01:05:59.700 And so it comes along to say, why is Jesus baptized?
01:06:04.420 That's a very unusual question.
01:06:05.760 But if there's not a human being who predates him with some moral authority who represents the voice of conscience, then he can't be baptized as a man.
01:06:13.800 He just comes down with a full glory and righteousness and fear of God.
01:06:19.240 Well, that touches on something, Peugeot, maybe you can speak to this.
01:06:23.520 There's a very deep mystery there, because the story of Christ doesn't really get going, apart from some description of birth and youth, which we'll cover, until the baptism.
01:06:33.620 And so that question immediately arises, well, if Christ is the Son of God from birth, why the necessity of the baptism?

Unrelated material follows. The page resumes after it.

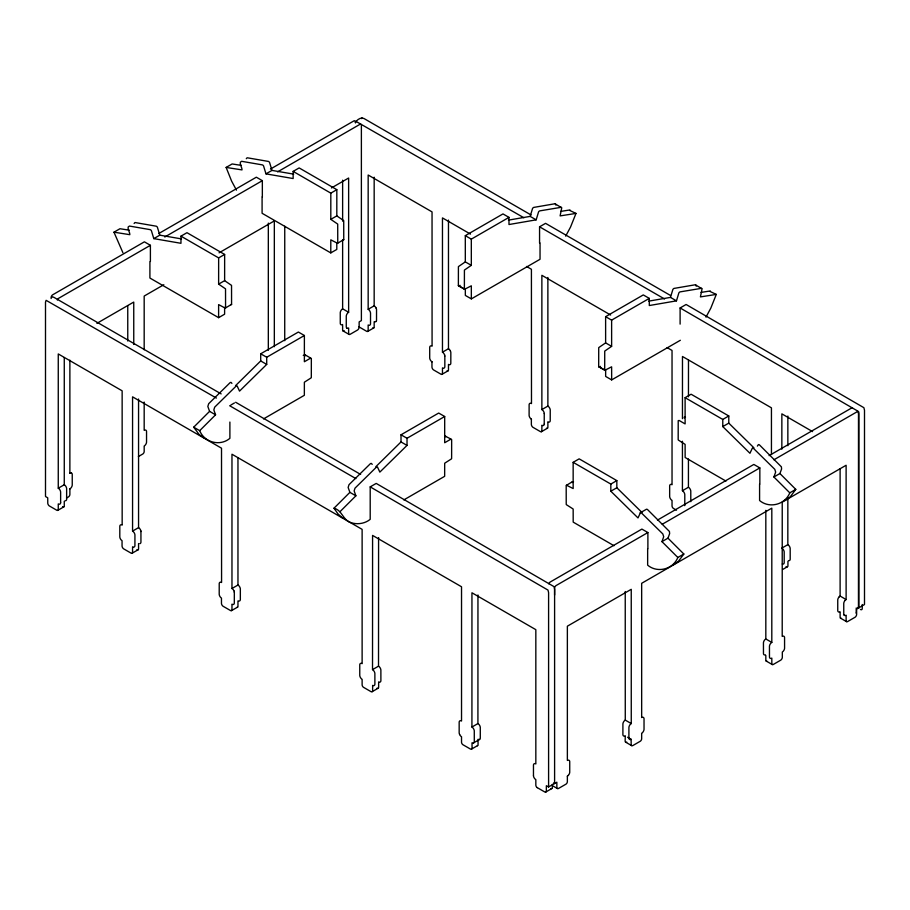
<?xml version="1.0" encoding="UTF-8"?>
<svg xmlns="http://www.w3.org/2000/svg" width="910" height="910" viewBox="0 0 910 910"><rect width="100%" height="100%" fill="white"/><g stroke="black" fill="none" stroke-linecap="round" stroke-linejoin="round"><path stroke-width="1.36" d="M60.629 502.695L60.629 492.139A3.333 1.922 60 0 0 60.162 490.41A3.39 1.956 60 0 0 59.15 488.92A3.333 1.922 60 0 0 58.263 488.215L58.263 353.945L122.145 390.822L122.168 525.115A3.333 1.922 60 0 0 120.973 524.797A3.367 1.945 60 0 0 119.813 526.219L119.801 536.809A3.333 1.922 60 0 0 120.245 538.527A3.39 1.956 60 0 0 121.28 540.062L122.054 540.711L122.054 545.898A2.468 1.422 60 0 0 123.658 548.855L131.176 553.189A2.116 1.228 60 0 0 132.564 552.256L132.564 546.785A3.333 1.922 60 0 0 133.838 547.092A3.39 1.956 60 0 0 134.703 546.455A3.333 1.922 60 0 0 134.919 545.602L134.93 535.034A3.333 1.922 60 0 0 134.464 533.305A3.39 1.956 60 0 0 133.451 531.827A3.333 1.922 60 0 0 132.564 531.11L132.564 396.84L221.517 448.198L221.574 582.502A3.333 1.922 60 0 0 220.379 582.184A3.367 1.945 60 0 0 219.219 583.606L219.208 594.207A3.333 1.922 60 0 0 219.651 595.913A3.39 1.956 60 0 0 220.686 597.461L221.46 598.109L221.46 603.296A2.468 1.422 60 0 0 223.064 606.242L230.583 610.587A2.116 1.228 60 0 0 231.97 609.643L231.97 604.172A3.333 1.922 60 0 0 233.244 604.479A3.39 1.956 60 0 0 234.109 603.853A3.333 1.922 60 0 0 234.314 602.989L234.336 592.433M65.156 500.739A3.39 1.956 60 0 0 66.18 500.398A3.333 1.922 60 0 0 66.635 499.226L66.635 488.67A3.333 1.922 60 0 0 66.407 487.544A3.39 1.956 60 0 0 65.543 485.917A3.333 1.922 60 0 0 64.269 484.746L64.269 357.539M69.877 473.223L69.877 360.155M140.709 530.439A3.39 1.956 60 0 0 139.844 528.812A3.333 1.922 60 0 0 138.559 527.641L138.559 399.024M144.178 402.061L144.178 430.328A3.333 1.922 -60 0 1 145.077 430.032A3.39 1.956 -60 0 1 146.089 430.35A3.333 1.922 -60 0 1 146.544 431.522L146.544 442.078A3.333 1.922 -60 0 1 146.317 443.215A3.39 1.956 -60 0 1 145.452 444.831A3.333 1.922 -60 0 1 144.178 446.002L144.178 451.474A2.116 1.228 -60 0 1 142.79 454.01L138.377 456.558M144.178 349.77L144.178 296.057L163.823 284.716M149.911 261.762L149.911 278.039L218.605 317.67L218.627 304.6L225.305 308.149A2.537 1.467 60 0 0 225.566 307.864L225.532 288.845L218.627 284.125L218.65 257.905L224.645 254.447L186.971 232.687L180.965 236.156L180.965 243.3L153.79 238.625L151.39 230.662A2.241 1.297 60 0 0 150.286 229.661L129.436 226.055C125.83 226.658 130.38 232.949 129.834 234.678L113.966 232.186L122.907 252.696M218.627 284.125L224.633 280.655L224.645 254.447M233.881 590.726A3.39 1.956 60 0 0 232.858 589.214A3.333 1.922 60 0 0 231.97 588.497L231.97 454.226L362.123 529.37L362.123 663.652A3.333 1.922 60 0 0 360.838 663.356A3.39 1.956 60 0 0 359.985 663.97A3.333 1.922 60 0 0 359.757 664.835L359.757 675.391A3.333 1.922 60 0 0 360.235 677.12A3.39 1.956 60 0 0 361.236 678.61A3.333 1.922 60 0 0 362.123 679.326L362.123 684.786A2.116 1.228 60 0 0 363.511 687.323L371.03 691.668A2.468 1.422 60 0 0 372.634 690.576L372.634 685.389L373.418 685.639A3.39 1.956 60 0 0 374.67 684.98A3.333 1.922 60 0 0 374.886 684.081L374.875 673.48A3.367 1.945 60 0 0 373.305 670.26A3.333 1.922 60 0 0 372.52 669.646L372.577 535.41L461.529 586.768L461.529 721.038A3.333 1.922 60 0 0 460.244 720.743A3.39 1.956 60 0 0 459.391 721.368A3.333 1.922 60 0 0 459.163 722.233L459.163 732.789A3.333 1.922 60 0 0 459.641 734.518M238.852 601.021A3.39 1.956 60 0 0 239.887 600.691A3.333 1.922 60 0 0 240.342 599.519L240.342 588.963A3.333 1.922 60 0 0 240.092 587.803A3.39 1.956 60 0 0 239.25 586.211A3.333 1.922 60 0 0 237.965 585.039L237.965 457.832M284.728 340.704L284.75 226.203M235.542 385.658L260.704 360.94L260.704 353.797L298.378 332.036L304.384 335.506L304.372 361.736L310.355 358.278L311.345 358.699L311.311 377.457A2.537 1.467 -60 0 1 311.129 377.877L304.372 382.211L304.349 395.304L263.525 418.907M262.091 196.992L262.091 213.281L330.785 252.9L330.808 239.831L337.564 243.311A2.537 1.467 60 0 0 337.747 243.095L337.712 224.087L330.808 219.356L330.819 193.148L336.825 189.678L299.151 167.929L293.145 171.387L293.145 178.542L265.97 173.867L263.559 165.893A2.241 1.297 60 0 0 262.467 164.903L241.616 161.298C238.011 161.889 242.56 168.179 242.014 169.908L226.135 167.429L231.595 181.067L236.452 190.144M330.808 219.356L336.814 215.898L336.825 189.678M358.836 326.69A2.468 1.422 60 0 0 359.166 326.963L366.73 331.354A2.116 1.228 60 0 0 368.163 330.444L368.163 324.972A3.333 1.922 60 0 0 369.05 325.279A3.39 1.956 60 0 0 370.074 324.95A3.333 1.922 60 0 0 370.518 323.789L370.529 313.222A3.333 1.922 60 0 0 370.302 312.084A3.39 1.956 60 0 0 369.449 310.469A3.333 1.922 60 0 0 368.163 309.298L368.163 175.016L432.045 211.893L432.079 346.187A3.333 1.922 60 0 0 431.283 345.891A3.367 1.945 60 0 0 429.713 347.29L429.702 357.892A3.333 1.922 60 0 0 429.918 359.029A3.39 1.956 60 0 0 431.181 361.145L432.079 361.861M376.08 308.058A3.39 1.956 60 0 0 375.057 306.545A3.333 1.922 60 0 0 374.169 305.828L374.169 177.211M378.981 682.068L379.413 682.17A3.39 1.956 60 0 0 380.676 681.51A3.333 1.922 60 0 0 380.892 680.623L380.88 670.01A3.367 1.945 60 0 0 379.311 666.803A3.333 1.922 60 0 0 378.514 666.177L378.583 537.594M444.603 354.98A3.39 1.956 60 0 0 443.739 353.364A3.333 1.922 60 0 0 442.465 352.193L442.465 217.911L470.493 234.097M375.853 466.671L401.014 441.941L401.014 434.798L438.688 413.049L444.694 416.507L444.683 442.738L450.655 439.291L451.656 439.712L451.622 458.469A2.537 1.467 -60 0 1 451.44 458.89L444.683 463.213L444.66 476.317L403.835 499.909M450.382 350.953A3.39 1.956 60 0 0 449.358 349.44A3.333 1.922 60 0 0 448.471 348.723L448.471 220.106M459.618 734.484A3.39 1.956 60 0 0 460.642 735.997A3.333 1.922 60 0 0 461.529 736.713L461.529 742.185A2.116 1.228 60 0 0 462.917 744.721L470.436 749.055A2.468 1.422 60 0 0 472.04 747.963L472.04 742.776L472.825 743.026A3.39 1.956 60 0 0 474.076 742.367A3.333 1.922 60 0 0 474.292 741.479L474.281 730.866A3.367 1.945 60 0 0 472.711 727.659A3.333 1.922 60 0 0 471.926 727.033L471.949 592.785L535.831 629.663L535.831 763.934A3.333 1.922 60 0 0 534.534 763.638A3.39 1.956 60 0 0 533.692 764.264A3.333 1.922 60 0 0 533.465 765.128L533.465 775.684M477.363 745.722A2.468 1.422 60 0 0 478.046 744.505L478.046 739.318L478.819 739.557A3.39 1.956 60 0 0 480.082 738.897A3.333 1.922 60 0 0 480.298 738.01L480.287 727.409A3.367 1.945 60 0 0 478.717 724.189A3.333 1.922 60 0 0 477.921 723.575L477.955 594.969M544.226 413.481A3.333 1.922 60 0 0 543.998 412.344A3.39 1.956 60 0 0 543.145 410.751A3.333 1.922 60 0 0 541.871 409.58L541.871 275.309L610.633 315.008M546.489 428.2A2.116 1.228 60 0 0 547.877 427.256L547.877 421.785A3.333 1.922 60 0 0 549.151 422.092A3.39 1.956 60 0 0 550.015 421.466A3.333 1.922 60 0 0 550.22 420.602L550.243 410.046A3.333 1.922 60 0 0 549.765 408.317A3.39 1.956 60 0 0 548.764 406.827A3.333 1.922 60 0 0 547.877 406.11L547.877 277.493M554.6 595.038L554.611 588.065A2.355 1.354 -60 0 1 556.044 585.585L647.886 532.543L647.886 548.719M684.798 504.788L684.786 494.562A3.367 1.945 60 0 0 683.205 491.343A3.333 1.922 60 0 0 682.42 490.729L682.443 441.27M682.455 418.657L682.477 356.492L771.441 407.839L771.441 454.488M690.792 501.694L690.781 491.093A3.367 1.945 60 0 0 689.211 487.874A3.333 1.922 60 0 0 688.426 487.26L688.438 459.004M688.461 396.828L688.483 360.087M781.849 449.187L781.861 413.857L812.562 431.59M788.72 560.64A3.39 1.956 60 0 0 789.982 559.98A3.333 1.922 60 0 0 790.198 559.093L790.187 548.48A3.367 1.945 60 0 0 788.617 545.272A3.333 1.922 60 0 0 787.832 544.658L787.844 498.02M787.855 445.729L787.855 416.052M224.622 307.387L224.611 314.2L218.605 317.67M336.802 242.617L336.791 249.442L330.785 252.9M230.617 304.566L231.39 304.611A2.537 1.467 60 0 0 231.572 304.395L231.538 285.387L224.633 280.655M342.797 239.808L343.479 239.921A2.537 1.467 60 0 0 343.752 239.626L343.718 220.618L336.814 215.898M51.108 298.525L51.119 297.365A2.355 1.354 -60 0 1 52.553 294.874L144.394 241.832L150.4 245.302L150.4 261.477M572.185 482.607L572.39 481.697L573.527 481.834M684.138 417.974L684.343 417.064L685.48 417.201M544.237 424.06L544.237 413.504M537.264 787.651L544.828 791.996A2.468 1.422 60 0 0 546.33 791.052L546.364 785.694L548.548 786.957L548.593 786.024L548.593 592.626L547.991 590.089L370.199 486.873L370.199 519.337C364.375 524.137 355.708 524.968 348.951 521.851C342.649 518.484 341.455 509.998 334.004 508.201L349.884 492.355L348.143 487.464L349.008 484.689L370.336 463.736A2.241 1.297 -60 0 1 371.428 463.463L372.213 464.384M553.633 782.953L554.554 783.487L554.6 782.554M843.98 614.876A3.39 1.956 -60 0 0 844.844 615.513A3.333 1.922 -60 0 0 846.118 615.206L846.118 620.677A2.116 1.228 -60 0 0 847.517 621.61L855.059 617.253A2.468 1.422 -60 0 0 856.629 614.307L856.629 609.131L864.455 604.57L864.5 603.637L864.5 410.239L863.897 407.703L686.106 304.486L680.111 307.955L680.111 324.131M355.435 122.6C356.492 119.995 361.156 116.742 364 118.528L531.076 214.976M134.111 223.473L134.953 222.529L156.281 226.203A2.241 1.297 60 0 1 157.385 227.193L159.796 235.167L181.534 238.909M246.292 158.704L247.133 157.76L268.461 161.434A2.241 1.297 60 0 1 269.565 162.435L271.976 170.398L293.714 174.14M508.417 220.129L530.155 216.387L532.566 208.424A2.241 1.297 -60 0 1 533.669 207.423L554.998 203.749L561.754 207.798L560.116 215.898L575.996 213.418L570.536 227.056L565.679 236.134M540.039 242.981L540.039 259.27L471.346 298.889L471.323 285.82L464.566 289.3A2.537 1.467 -60 0 1 464.384 289.084L464.418 270.065L471.323 265.345L465.317 261.887L465.306 235.667L502.98 213.918L508.986 217.376L508.986 224.531L536.161 219.845L538.572 211.882A2.241 1.297 -60 0 1 539.664 210.892L561.333 207.287M648.728 301.13L670.465 297.388L672.877 289.425A2.241 1.297 -60 0 1 673.98 288.424L695.308 284.762L702.065 288.8L700.427 296.899L716.295 294.419L710.846 308.058L705.989 317.146M680.35 340.272L611.657 379.902L611.634 366.821L604.866 370.302A2.537 1.467 -60 0 1 604.695 370.086L604.729 351.078L611.634 346.357L605.628 342.888L605.616 316.669L643.29 294.92L649.296 298.389L649.296 305.533L676.471 300.857L678.871 292.895A2.241 1.297 -60 0 1 679.975 291.894L701.644 288.299M569.808 210.472L575.996 213.418M710.118 291.484L716.295 294.419M647.647 548.866L647.647 565.144C657.373 573.437 673.138 569.364 677.836 557.477L661.957 541.632L663.697 536.741L662.844 533.965L641.516 513.012A2.241 1.297 60 0 0 640.413 512.74L638.001 517.926L610.826 491.218L610.826 484.075L573.152 462.325L579.158 458.856L616.832 480.605L616.832 487.76L641.994 512.478M661.957 541.632L667.963 538.163L669.646 533.613L669.43 531.463L647.51 509.543A2.241 1.297 60 0 0 646.418 509.27L640.151 512.853M759.588 484.222L759.588 500.511C769.325 508.804 785.091 504.732 789.789 492.845L773.909 476.999L775.65 472.108L774.797 469.332L753.469 448.38A2.241 1.297 60 0 0 752.365 448.107L749.954 453.282L722.779 426.585L722.779 419.442L685.105 397.681L691.099 394.223L728.785 415.972L728.785 423.127L753.946 447.845M773.909 476.999L779.915 473.53L781.599 468.98L781.383 466.83L759.463 444.91A2.241 1.297 60 0 0 758.36 444.637L757.382 446.105M51.62 297.513L52.564 296.808L54.099 297.445L221.164 393.905M361.52 118.596L362.009 117.936M343.752 239.626L337.246 243.459M667.963 538.163L683.842 554.019L678.382 561.356L672.831 565.144M779.915 473.53L795.784 489.375L790.335 496.724L784.784 500.5M572.39 481.697L566.191 485.519L566.225 504.276A2.537 1.467 60 0 0 566.407 504.697L573.163 509.02L573.186 522.124L614.011 545.727M204.704 438.324L199.154 434.548L193.705 427.2L209.573 411.354L207.833 406.463L208.697 403.687L230.025 382.735A2.241 1.297 -60 0 1 231.129 382.45L231.902 383.383M229.889 422.047L229.889 438.324C220.163 446.617 204.397 442.556 199.7 430.669L215.579 414.812L213.839 409.921L214.692 407.145L236.02 386.193A2.241 1.297 -60 0 1 237.123 385.92L239.535 391.107L266.71 364.409L266.71 357.255L304.384 335.506M340.01 511.67L355.89 495.825L354.149 490.934L355.002 488.158L376.33 467.205A2.241 1.297 -60 0 1 377.434 466.932L379.845 472.108L407.02 445.411L407.02 438.267L444.694 416.507M113.966 232.186L119.961 228.728L129.22 230.173M226.135 167.429L232.141 163.959L241.4 165.404M158.784 233.529L256.347 177.2L262.342 180.669L262.342 196.844M270.418 169.078L353.945 120.871A2.355 1.354 -60 0 1 355.31 121.383M153.79 238.625L159.796 235.167M265.97 173.867L271.976 170.398M150.4 245.302L58.558 298.343A2.355 1.354 -60 0 0 57.319 300.027M164.79 236.998L262.342 180.669M277.607 171.865L359.95 124.34A2.355 1.354 -60 0 1 361.384 125.171L361.395 320.593L359.143 321.89L359.143 327.065A2.468 1.422 -60 0 1 357.573 330.012L350.031 334.368A2.116 1.228 -60 0 1 348.632 333.435L348.632 327.964A3.333 1.922 -60 0 1 347.745 328.271A3.39 1.956 -60 0 1 346.721 327.941M96.904 323.346L133.747 302.075L133.759 344.469M219.071 252.809L274.331 220.914L274.331 346.699M331.433 187.949L348.632 178.019L348.632 312.289A3.333 1.922 -60 0 0 347.336 313.484A3.39 1.956 -60 0 0 346.494 315.087A3.333 1.922 -60 0 0 346.266 316.214L346.266 326.77A3.333 1.922 -60 0 0 346.733 327.953M225.066 308.228L231.618 304.315M465.306 235.667L471.312 239.137L508.986 217.376M58.263 488.215L64.269 484.746M368.163 309.298L374.169 305.828M303.28 355.435L304.986 354.798L311.152 358.347M465.317 261.887L458.412 266.607L458.378 285.615A2.537 1.467 -60 0 0 458.56 285.831L464.885 289.448M66.555 498.032L68.478 496.917A2.116 1.228 -60 0 0 69.877 494.369L69.877 488.897M230.856 405.041L234.45 402.959M539.562 242.981L539.562 226.806L545.556 223.348L670.534 295.5M57.853 510.317L63.859 506.859M367.765 331.399L373.76 327.93M132.564 531.11L138.559 527.641M442.465 352.193L448.471 348.723M132.178 553.2L138.184 549.731M442.078 374.272L448.084 370.814M605.616 316.669L611.622 320.138L649.296 298.389M605.628 342.888L598.723 347.609L598.689 366.628A2.537 1.467 -60 0 0 598.871 366.844L605.195 370.45M370.199 486.873L376.205 483.415L553.997 586.62L554.6 589.168L554.6 783.51M231.97 588.497L237.965 585.039M541.871 409.58L547.877 406.11M231.584 610.587L237.59 607.129M541.484 431.67L547.49 428.2M610.826 484.075L616.832 480.605M722.779 419.442L728.785 415.972M610.826 491.218L616.832 487.76M722.779 426.585L728.785 423.127M372.52 669.646L378.514 666.177M682.42 490.729L688.426 487.26M657.464 520.088L753.833 464.441L759.839 467.911L759.839 484.086M769.087 455.637L851.43 408.112A2.355 1.354 -60 0 1 852.67 408.374M372.19 691.668L378.196 688.21M662.275 524.24L759.839 467.911M773.909 459.789L857.436 411.582A2.355 1.354 -60 0 1 858.869 412.412L858.881 607.835M677.836 557.477L683.842 554.019M789.789 492.845L795.784 489.375M471.926 727.033L477.921 723.575M781.827 548.116L787.832 544.658M473.564 742.901L479.559 739.432M471.596 749.066L477.602 745.597M782.702 569.455L787.503 566.68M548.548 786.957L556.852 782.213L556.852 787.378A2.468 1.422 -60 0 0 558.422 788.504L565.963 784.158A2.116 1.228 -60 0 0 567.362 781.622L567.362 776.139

01:06:40.880 What does the baptism represent?
01:06:42.620 Why is John a Baptist?
01:06:45.300 What does it mean for him to be a Baptist?
01:06:47.720 And what does baptism signify?
01:06:49.520 Now, there's a lot of work on the anthropology of religion that's focused on this issue.
01:06:54.340 And it's very frequently the case across cultures, anthropologically distributed, that men in particular must undergo a initiation ceremony, which generally bears some symbolic relationship to the modern, to the Judeo-Christian concept of baptism, before they can adopt their full individuality.
01:07:15.140 And it's often associated with something like a passage or re-immersion into the sacred waters or into the chaos.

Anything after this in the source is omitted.